将来を担う君達に
奥沢2丁目 伊賀 公雄

第46回 2012.1.21

 私は奥沢に生まれ育って来年には60年となる三代目の出来損ないでございます。小中学校共に地元の八幡でして日常的に大先輩方々のお元気な姿をお見掛けする度に己の人間的な小ささに反省しきりです。それでも私の小中学校時代は今から思うと大変幸せな楽しい日々でありました。小学校では当時授業が終了すると校舎・校庭内に残ることは許されずとりあえず一度は帰宅し、再度仲の良い級友達と多摩川台公園で野球をしたり、東工大構内の溜池でザリガニ釣り(時効ですので書きましたが何れも禁止行為です)をして日が暮れる迄遊び回っていました。
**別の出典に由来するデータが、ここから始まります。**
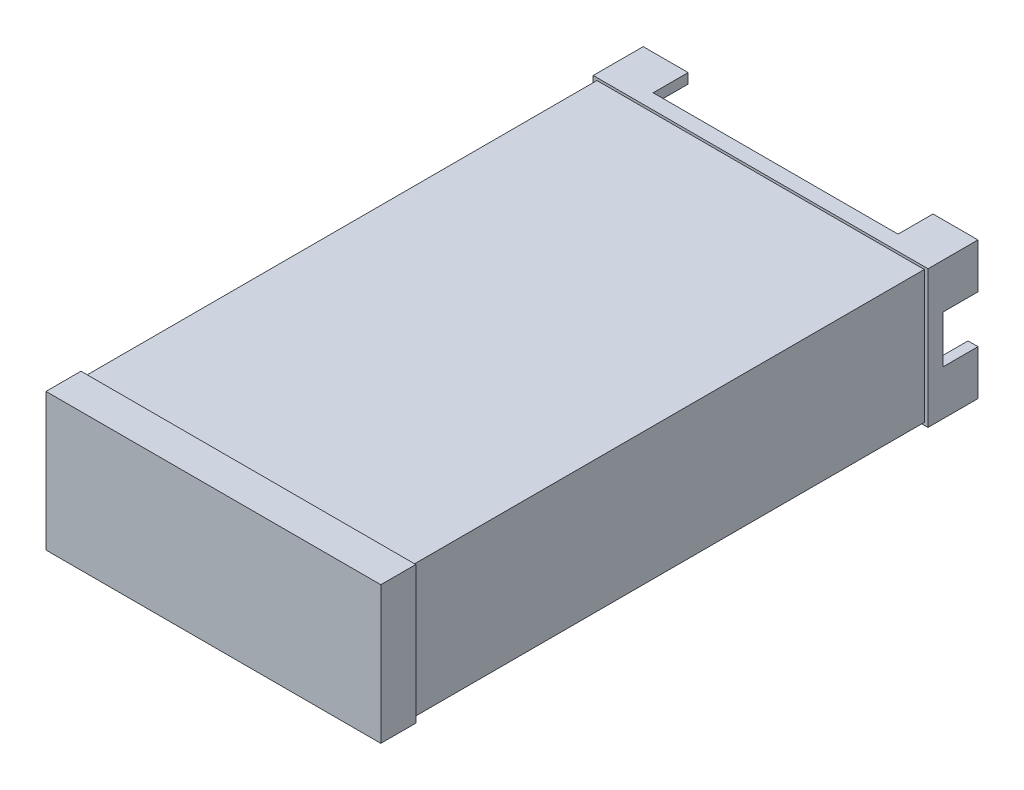
ISO-10303-21;
HEADER;
FILE_DESCRIPTION(('STEP AP214'),'2;1');
FILE_NAME('part.step','',(''),(''),'','','');
FILE_SCHEMA(('AUTOMOTIVE_DESIGN { 1 0 10303 214 1 1 1 1 }'));
ENDSEC;
DATA;
#1=APPLICATION_CONTEXT('core data for automotive mechanical design processes');
#2=APPLICATION_PROTOCOL_DEFINITION('international standard','automotive_design',2000,#1);
#3=PRODUCT_CONTEXT('',#1,'mechanical');
#4=PRODUCT('Part','Part','',(#3));
#5=PRODUCT_RELATED_PRODUCT_CATEGORY('part','',(#4));
#6=PRODUCT_DEFINITION_FORMATION('','',#4);
#7=PRODUCT_DEFINITION_CONTEXT('part definition',#1,'design');
#8=PRODUCT_DEFINITION('design','',#6,#7);
#9=PRODUCT_DEFINITION_SHAPE('','',#8);
#10=(LENGTH_UNIT() NAMED_UNIT(*) SI_UNIT(.MILLI.,.METRE.));
#11=(NAMED_UNIT(*) PLANE_ANGLE_UNIT() SI_UNIT($,.RADIAN.));
#12=(NAMED_UNIT(*) SI_UNIT($,.STERADIAN.) SOLID_ANGLE_UNIT());
#13=UNCERTAINTY_MEASURE_WITH_UNIT(LENGTH_MEASURE(1.E-05),#10,'distance_accuracy_value','');
#14=(GEOMETRIC_REPRESENTATION_CONTEXT(3) GLOBAL_UNCERTAINTY_ASSIGNED_CONTEXT((#13)) GLOBAL_UNIT_ASSIGNED_CONTEXT((#10,
#11,#12)) REPRESENTATION_CONTEXT('',''));
#15=CARTESIAN_POINT('',(0.,0.,0.));
#16=DIRECTION('',(0.,0.,1.));
#17=DIRECTION('',(1.,0.,0.));
#18=AXIS2_PLACEMENT_3D('',#15,#16,#17);
#19=CARTESIAN_POINT('',(203.99375,4.7625,-9.525));
#20=DIRECTION('',(-1.,0.,0.));
#21=DIRECTION('',(0.,0.,1.));
#22=AXIS2_PLACEMENT_3D('',#19,#20,#21);
#23=PLANE('',#22);
#24=DIRECTION('',(0.,0.,1.));
#25=VECTOR('',#24,1.);
#26=CARTESIAN_POINT('',(203.99375,4.7625,-9.525));
#27=LINE('',#26,#25);
#28=CARTESIAN_POINT('',(203.99375,4.7625,-9.525));
#29=VERTEX_POINT('',#28);
#30=CARTESIAN_POINT('',(203.99375,4.7625,-31.75));
#31=VERTEX_POINT('',#30);
#32=EDGE_CURVE('E20',#29,#31,#27,.F.);
#33=ORIENTED_EDGE('',*,*,#32,.F.);
#34=DIRECTION('',(0.,1.,0.));
#35=VECTOR('',#34,1.);
#36=CARTESIAN_POINT('',(203.99375,0.,-9.525));
#37=LINE('',#36,#35);
#38=CARTESIAN_POINT('',(203.99375,26.9875,-9.525));
#39=VERTEX_POINT('',#38);
#40=EDGE_CURVE('E297',#39,#29,#37,.F.);
#41=ORIENTED_EDGE('',*,*,#40,.F.);
#42=DIRECTION('',(0.,0.,1.));
#43=VECTOR('',#42,1.);
#44=CARTESIAN_POINT('',(203.99375,26.9875,-9.525));
#45=LINE('',#44,#43);
#46=CARTESIAN_POINT('',(203.99375,26.9875,-31.75));
#47=VERTEX_POINT('',#46);
#48=EDGE_CURVE('E235',#47,#39,#45,.T.);
#49=ORIENTED_EDGE('',*,*,#48,.F.);
#50=DIRECTION('',(0.,1.,0.));
#51=VECTOR('',#50,1.);
#52=CARTESIAN_POINT('',(203.99375,0.,-31.75));
#53=LINE('',#52,#51);
#54=EDGE_CURVE('E242',#31,#47,#53,.T.);
#55=ORIENTED_EDGE('',*,*,#54,.F.);
#56=EDGE_LOOP('',(#33,#41,#49,#55));
#57=FACE_BOUND('',#56,.T.);
#58=ADVANCED_FACE('F17',(#57),#23,.T.);
#59=CARTESIAN_POINT('',(181.76875,4.7625,-9.525));
#60=DIRECTION('',(0.,1.,0.));
#61=DIRECTION('',(0.,0.,1.));
#62=AXIS2_PLACEMENT_3D('',#59,#60,#61);
#63=PLANE('',#62);
#64=DIRECTION('',(0.,0.,1.));
#65=VECTOR('',#64,1.);
#66=CARTESIAN_POINT('',(181.76875,4.7625,-9.525));
#67=LINE('',#66,#65);
#68=CARTESIAN_POINT('',(181.76875,4.7625,-9.525));
#69=VERTEX_POINT('',#68);
#70=CARTESIAN_POINT('',(181.76875,4.7625,-31.75));
#71=VERTEX_POINT('',#70);
#72=EDGE_CURVE('E227',#69,#71,#67,.F.);
#73=ORIENTED_EDGE('',*,*,#72,.F.);
#74=DIRECTION('',(-1.,0.,0.));
#75=VECTOR('',#74,1.);
#76=CARTESIAN_POINT('',(0.,4.7625,-9.525));
#77=LINE('',#76,#75);
#78=EDGE_CURVE('E392',#29,#69,#77,.T.);
#79=ORIENTED_EDGE('',*,*,#78,.F.);
#80=ORIENTED_EDGE('',*,*,#32,.T.);
#81=DIRECTION('',(-1.,0.,0.));
#82=VECTOR('',#81,1.);
#83=CARTESIAN_POINT('',(0.,4.7625,-31.75));
#84=LINE('',#83,#82);
#85=EDGE_CURVE('E238',#71,#31,#84,.F.);
#86=ORIENTED_EDGE('',*,*,#85,.F.);
#87=EDGE_LOOP('',(#73,#79,#80,#86));
#88=FACE_BOUND('',#87,.T.);
#89=ADVANCED_FACE('F239',(#88),#63,.T.);
#90=CARTESIAN_POINT('',(3.96875,4.7625,-9.525));
#91=DIRECTION('',(0.,1.,0.));
#92=DIRECTION('',(0.,0.,1.));
#93=AXIS2_PLACEMENT_3D('',#90,#91,#92);
#94=PLANE('',#93);
#95=DIRECTION('',(0.,0.,-1.));
#96=VECTOR('',#95,1.);
#97=CARTESIAN_POINT('',(3.96875,4.7625,-9.525));
#98=LINE('',#97,#96);
#99=CARTESIAN_POINT('',(3.96875,4.7625,-9.525));
#100=VERTEX_POINT('',#99);
#101=CARTESIAN_POINT('',(3.96875,4.7625,-31.75));
#102=VERTEX_POINT('',#101);
#103=EDGE_CURVE('E257',#100,#102,#98,.T.);
#104=ORIENTED_EDGE('',*,*,#103,.F.);
#105=DIRECTION('',(-1.,0.,0.));
#106=VECTOR('',#105,1.);
#107=CARTESIAN_POINT('',(0.,4.7625,-9.525));
#108=LINE('',#107,#106);
#109=CARTESIAN_POINT('',(26.19375,4.7625,-9.525));
#110=VERTEX_POINT('',#109);
#111=EDGE_CURVE('E386',#110,#100,#108,.T.);
#112=ORIENTED_EDGE('',*,*,#111,.F.);
#113=DIRECTION('',(0.,0.,-1.));
#114=VECTOR('',#113,1.);
#115=CARTESIAN_POINT('',(26.19375,4.7625,-9.525));
#116=LINE('',#115,#114);
#117=CARTESIAN_POINT('',(26.19375,4.7625,-31.75));
#118=VERTEX_POINT('',#117);
#119=EDGE_CURVE('E274',#118,#110,#116,.F.);
#120=ORIENTED_EDGE('',*,*,#119,.F.);
#121=DIRECTION('',(-1.,0.,0.));
#122=VECTOR('',#121,1.);
#123=CARTESIAN_POINT('',(0.,4.7625,-31.75));
#124=LINE('',#123,#122);
#125=EDGE_CURVE('E272',#102,#118,#124,.F.);
#126=ORIENTED_EDGE('',*,*,#125,.F.);
#127=EDGE_LOOP('',(#104,#112,#120,#126));
#128=FACE_BOUND('',#127,.T.);
#129=ADVANCED_FACE('F273',(#128),#94,.T.);
#130=CARTESIAN_POINT('',(3.96875,26.9875,-9.525));
#131=DIRECTION('',(1.,0.,0.));
#132=DIRECTION('',(0.,0.,-1.));
#133=AXIS2_PLACEMENT_3D('',#130,#131,#132);
#134=PLANE('',#133);
#135=DIRECTION('',(0.,0.,1.));
#136=VECTOR('',#135,1.);
#137=CARTESIAN_POINT('',(3.96875,26.9875,-9.525));
#138=LINE('',#137,#136);
#139=CARTESIAN_POINT('',(3.96875,26.9875,-9.525));
#140=VERTEX_POINT('',#139);
#141=CARTESIAN_POINT('',(3.96875,26.9875,-31.75));
#142=VERTEX_POINT('',#141);
#143=EDGE_CURVE('E283',#140,#142,#138,.F.);
#144=ORIENTED_EDGE('',*,*,#143,.F.);
#145=DIRECTION('',(0.,1.,0.));
#146=VECTOR('',#145,1.);
#147=CARTESIAN_POINT('',(3.96875,0.,-9.525));
#148=LINE('',#147,#146);
#149=EDGE_CURVE('E267',#100,#140,#148,.T.);
#150=ORIENTED_EDGE('',*,*,#149,.F.);
#151=ORIENTED_EDGE('',*,*,#103,.T.);
#152=DIRECTION('',(0.,1.,0.));
#153=VECTOR('',#152,1.);
#154=CARTESIAN_POINT('',(3.96875,0.,-31.75));
#155=LINE('',#154,#153);
#156=EDGE_CURVE('E264',#142,#102,#155,.F.);
#157=ORIENTED_EDGE('',*,*,#156,.F.);
#158=EDGE_LOOP('',(#144,#150,#151,#157));
#159=FACE_BOUND('',#158,.T.);
#160=ADVANCED_FACE('F262',(#159),#134,.T.);
#161=CARTESIAN_POINT('',(203.99375,79.375,-9.525));
#162=DIRECTION('',(0.,-1.,0.));
#163=DIRECTION('',(0.,0.,-1.));
#164=AXIS2_PLACEMENT_3D('',#161,#162,#163);
#165=PLANE('',#164);
#166=DIRECTION('',(0.,0.,1.));
#167=VECTOR('',#166,1.);
#168=CARTESIAN_POINT('',(203.99375,79.375,-9.525));
#169=LINE('',#168,#167);
#170=CARTESIAN_POINT('',(203.99375,79.375,-9.525));
#171=VERTEX_POINT('',#170);
#172=CARTESIAN_POINT('',(203.99375,79.375,-31.75));
#173=VERTEX_POINT('',#172);
#174=EDGE_CURVE('E256',#171,#173,#169,.F.);
#175=ORIENTED_EDGE('',*,*,#174,.F.);
#176=DIRECTION('',(-1.,0.,0.));
#177=VECTOR('',#176,1.);
#178=CARTESIAN_POINT('',(0.,79.375,-9.525));
#179=LINE('',#178,#177);
#180=CARTESIAN_POINT('',(181.76875,79.375,-9.525));
#181=VERTEX_POINT('',#180);
#182=EDGE_CURVE('E368',#181,#171,#179,.F.);
#183=ORIENTED_EDGE('',*,*,#182,.F.);
#184=DIRECTION('',(0.,0.,1.));
#185=VECTOR('',#184,1.);
#186=CARTESIAN_POINT('',(181.76875,79.375,-9.525));
#187=LINE('',#186,#185);
#188=CARTESIAN_POINT('',(181.76875,79.375,-31.75));
#189=VERTEX_POINT('',#188);
#190=EDGE_CURVE('E396',#189,#181,#187,.T.);
#191=ORIENTED_EDGE('',*,*,#190,.F.);
#192=DIRECTION('',(-1.,0.,0.));
#193=VECTOR('',#192,1.);
#194=CARTESIAN_POINT('',(0.,79.375,-31.75));
#195=LINE('',#194,#193);
#196=EDGE_CURVE('E401',#173,#189,#195,.T.);
#197=ORIENTED_EDGE('',*,*,#196,.F.);
#198=EDGE_LOOP('',(#175,#183,#191,#197));
#199=FACE_BOUND('',#198,.T.);
#200=ADVANCED_FACE('F548',(#199),#165,.T.);
#201=CARTESIAN_POINT('',(203.99375,57.15,-9.525));
#202=DIRECTION('',(-1.,0.,0.));
#203=DIRECTION('',(0.,0.,1.));
#204=AXIS2_PLACEMENT_3D('',#201,#202,#203);
#205=PLANE('',#204);
#206=DIRECTION('',(0.,0.,-1.));
#207=VECTOR('',#206,1.);
#208=CARTESIAN_POINT('',(203.99375,57.15,-9.525));
#209=LINE('',#208,#207);
#210=CARTESIAN_POINT('',(203.99375,57.15,-9.525));
#211=VERTEX_POINT('',#210);
#212=CARTESIAN_POINT('',(203.99375,57.15,-31.75));
#213=VERTEX_POINT('',#212);
#214=EDGE_CURVE('E252',#211,#213,#209,.T.);
#215=ORIENTED_EDGE('',*,*,#214,.F.);
#216=DIRECTION('',(0.,1.,0.));
#217=VECTOR('',#216,1.);
#218=CARTESIAN_POINT('',(203.99375,0.,-9.525));
#219=LINE('',#218,#217);
#220=EDGE_CURVE('E365',#171,#211,#219,.F.);
#221=ORIENTED_EDGE('',*,*,#220,.F.);
#222=ORIENTED_EDGE('',*,*,#174,.T.);
#223=DIRECTION('',(0.,1.,0.));
#224=VECTOR('',#223,1.);
#225=CARTESIAN_POINT('',(203.99375,0.,-31.75));
#226=LINE('',#225,#224);
#227=EDGE_CURVE('E403',#213,#173,#226,.T.);
#228=ORIENTED_EDGE('',*,*,#227,.F.);
#229=EDGE_LOOP('',(#215,#221,#222,#228));
#230=FACE_BOUND('',#229,.T.);
#231=ADVANCED_FACE('F550',(#230),#205,.T.);
#232=CARTESIAN_POINT('',(26.19375,79.375,-9.525));
#233=DIRECTION('',(0.,-1.,0.));
#234=DIRECTION('',(0.,0.,-1.));
#235=AXIS2_PLACEMENT_3D('',#232,#233,#234);
#236=PLANE('',#235);
#237=DIRECTION('',(0.,0.,-1.));
#238=VECTOR('',#237,1.);
#239=CARTESIAN_POINT('',(26.19375,79.375,-9.525));
#240=LINE('',#239,#238);
#241=CARTESIAN_POINT('',(26.19375,79.375,-9.525));
#242=VERTEX_POINT('',#241);
#243=CARTESIAN_POINT('',(26.19375,79.375,-31.75));
#244=VERTEX_POINT('',#243);
#245=EDGE_CURVE('E360',#242,#244,#240,.T.);
#246=ORIENTED_EDGE('',*,*,#245,.F.);
#247=DIRECTION('',(-1.,0.,0.));
#248=VECTOR('',#247,1.);
#249=CARTESIAN_POINT('',(0.,79.375,-9.525));
#250=LINE('',#249,#248);
#251=CARTESIAN_POINT('',(3.96875,79.375,-9.525));
#252=VERTEX_POINT('',#251);
#253=EDGE_CURVE('E374',#252,#242,#250,.F.);
#254=ORIENTED_EDGE('',*,*,#253,.F.);
#255=DIRECTION('',(0.,0.,-1.));
#256=VECTOR('',#255,1.);
#257=CARTESIAN_POINT('',(3.96875,79.375,-9.525));
#258=LINE('',#257,#256);
#259=CARTESIAN_POINT('',(3.96875,79.375,-31.75));
#260=VERTEX_POINT('',#259);
#261=EDGE_CURVE('E254',#260,#252,#258,.F.);
#262=ORIENTED_EDGE('',*,*,#261,.F.);
#263=DIRECTION('',(-1.,0.,0.));
#264=VECTOR('',#263,1.);
#265=CARTESIAN_POINT('',(0.,79.375,-31.75));
#266=LINE('',#265,#264);
#267=EDGE_CURVE('E351',#244,#260,#266,.T.);
#268=ORIENTED_EDGE('',*,*,#267,.F.);
#269=EDGE_LOOP('',(#246,#254,#262,#268));
#270=FACE_BOUND('',#269,.T.);
#271=ADVANCED_FACE('F535',(#270),#236,.T.);
#272=CARTESIAN_POINT('',(3.96875,79.375,-9.525));
#273=DIRECTION('',(1.,0.,0.));
#274=DIRECTION('',(0.,0.,-1.));
#275=AXIS2_PLACEMENT_3D('',#272,#273,#274);
#276=PLANE('',#275);
#277=ORIENTED_EDGE('',*,*,#261,.T.);
#278=DIRECTION('',(0.,1.,0.));
#279=VECTOR('',#278,1.);
#280=CARTESIAN_POINT('',(3.96875,0.,-9.525));
#281=LINE('',#280,#279);
#282=CARTESIAN_POINT('',(3.96875,57.15,-9.525));
#283=VERTEX_POINT('',#282);
#284=EDGE_CURVE('E377',#283,#252,#281,.T.);
#285=ORIENTED_EDGE('',*,*,#284,.F.);
#286=DIRECTION('',(0.,0.,-1.));
#287=VECTOR('',#286,1.);
#288=CARTESIAN_POINT('',(3.96875,57.15,-9.525));
#289=LINE('',#288,#287);
#290=CARTESIAN_POINT('',(3.96875,57.15,-31.75));
#291=VERTEX_POINT('',#290);
#292=EDGE_CURVE('E288',#291,#283,#289,.F.);
#293=ORIENTED_EDGE('',*,*,#292,.F.);
#294=DIRECTION('',(0.,1.,0.));
#295=VECTOR('',#294,1.);
#296=CARTESIAN_POINT('',(3.96875,0.,-31.75));
#297=LINE('',#296,#295);
#298=EDGE_CURVE('E348',#260,#291,#297,.F.);
#299=ORIENTED_EDGE('',*,*,#298,.F.);
#300=EDGE_LOOP('',(#277,#285,#293,#299));
#301=FACE_BOUND('',#300,.T.);
#302=ADVANCED_FACE('F531',(#301),#276,.T.);
#303=CARTESIAN_POINT('',(0.,0.,347.6752));
#304=DIRECTION('',(0.,0.,1.));
#305=DIRECTION('',(1.,0.,0.));
#306=AXIS2_PLACEMENT_3D('',#303,#304,#305);
#307=PLANE('',#306);
#308=DIRECTION('',(1.,0.,0.));
#309=VECTOR('',#308,1.);
#310=CARTESIAN_POINT('',(210.34375,85.725,347.6752));
#311=LINE('',#310,#309);
#312=CARTESIAN_POINT('',(-2.38124999999999,85.725,347.6752));
#313=VERTEX_POINT('',#312);
#314=CARTESIAN_POINT('',(210.34375,85.725,347.6752));
#315=VERTEX_POINT('',#314);
#316=EDGE_CURVE('E326',#313,#315,#311,.T.);
#317=ORIENTED_EDGE('',*,*,#316,.F.);
#318=DIRECTION('',(0.,1.,0.));
#319=VECTOR('',#318,1.);
#320=CARTESIAN_POINT('',(-2.38124999999998,85.725,347.6752));
#321=LINE('',#320,#319);
#322=CARTESIAN_POINT('',(-2.38124999999999,-1.5875,347.6752));
#323=VERTEX_POINT('',#322);
#324=EDGE_CURVE('E344',#323,#313,#321,.T.);
#325=ORIENTED_EDGE('',*,*,#324,.F.);
#326=DIRECTION('',(1.,0.,0.));
#327=VECTOR('',#326,1.);
#328=CARTESIAN_POINT('',(-2.38124999999998,-1.58749999999999,347.6752));
#329=LINE('',#328,#327);
#330=CARTESIAN_POINT('',(210.34375,-1.5875,347.6752));
#331=VERTEX_POINT('',#330);
#332=EDGE_CURVE('E341',#331,#323,#329,.F.);
#333=ORIENTED_EDGE('',*,*,#332,.F.);
#334=DIRECTION('',(0.,1.,0.));
#335=VECTOR('',#334,1.);
#336=CARTESIAN_POINT('',(210.34375,-1.58749999999999,347.6752));
#337=LINE('',#336,#335);
#338=EDGE_CURVE('E335',#315,#331,#337,.F.);
#339=ORIENTED_EDGE('',*,*,#338,.F.);
#340=EDGE_LOOP('',(#317,#325,#333,#339));
#341=FACE_BOUND('',#340,.T.);
#342=ADVANCED_FACE('F638',(#341),#307,.T.);
#343=CARTESIAN_POINT('',(210.34375,57.15,-9.525));
#344=DIRECTION('',(0.,-1.,0.));
#345=DIRECTION('',(0.,0.,-1.));
#346=AXIS2_PLACEMENT_3D('',#343,#344,#345);
#347=PLANE('',#346);
#348=DIRECTION('',(0.,0.,-1.));
#349=VECTOR('',#348,1.);
#350=CARTESIAN_POINT('',(210.34375,57.15,0.));
#351=LINE('',#350,#349);
#352=CARTESIAN_POINT('',(210.34375,57.15,-9.525));
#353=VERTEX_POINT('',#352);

社会的にも子供が日没近い時間迄屋外に居ても危険な状況には無く、見ず知らずの大人達から「もう暗くなってきたから早く帰りなさい」と声を掛けられれば素直に従える世の中でありました。

 さて現在のお子さん達はどうなのでしょうか?昨年の3・11東日本大震災以降、お子さんはもちろん保護者の方達も私達の時代の様に何の心配も無く屋外で遊んだり、習い事に通ったり出来ているのだろうか?一応この地奥沢では震災直後の様な余震に見舞われずに推移していますが昨年末から徐々に原発問題や今後予想される大規模地震についての真相・分析が発表される様になりました。

 これらの事柄を思うに冒頭書きました私達年代の「幸せな楽しい日々」と同様な思い出を残していけるのかな?と思うと心が痛む思いで一杯になります。

 私は阪神大震災の翌年から東京消防庁の災害時支援ボランティアとして活動しておりまして、その関係で年末に防災シンポジウムの聴講の機会があったのですがその際のパネリストの発言を今後も大切に胸に刻んでおこうと思っています。「ともかく生き残る最大の努力をしよう。これなくして復興・復活等は何の意味を持たない。そして私達大人はその原動力となってくれる子供達を何にも優先して守り育てていかなければなりません。」  奥沢の住民として”地域の絆”は勿論大切です!!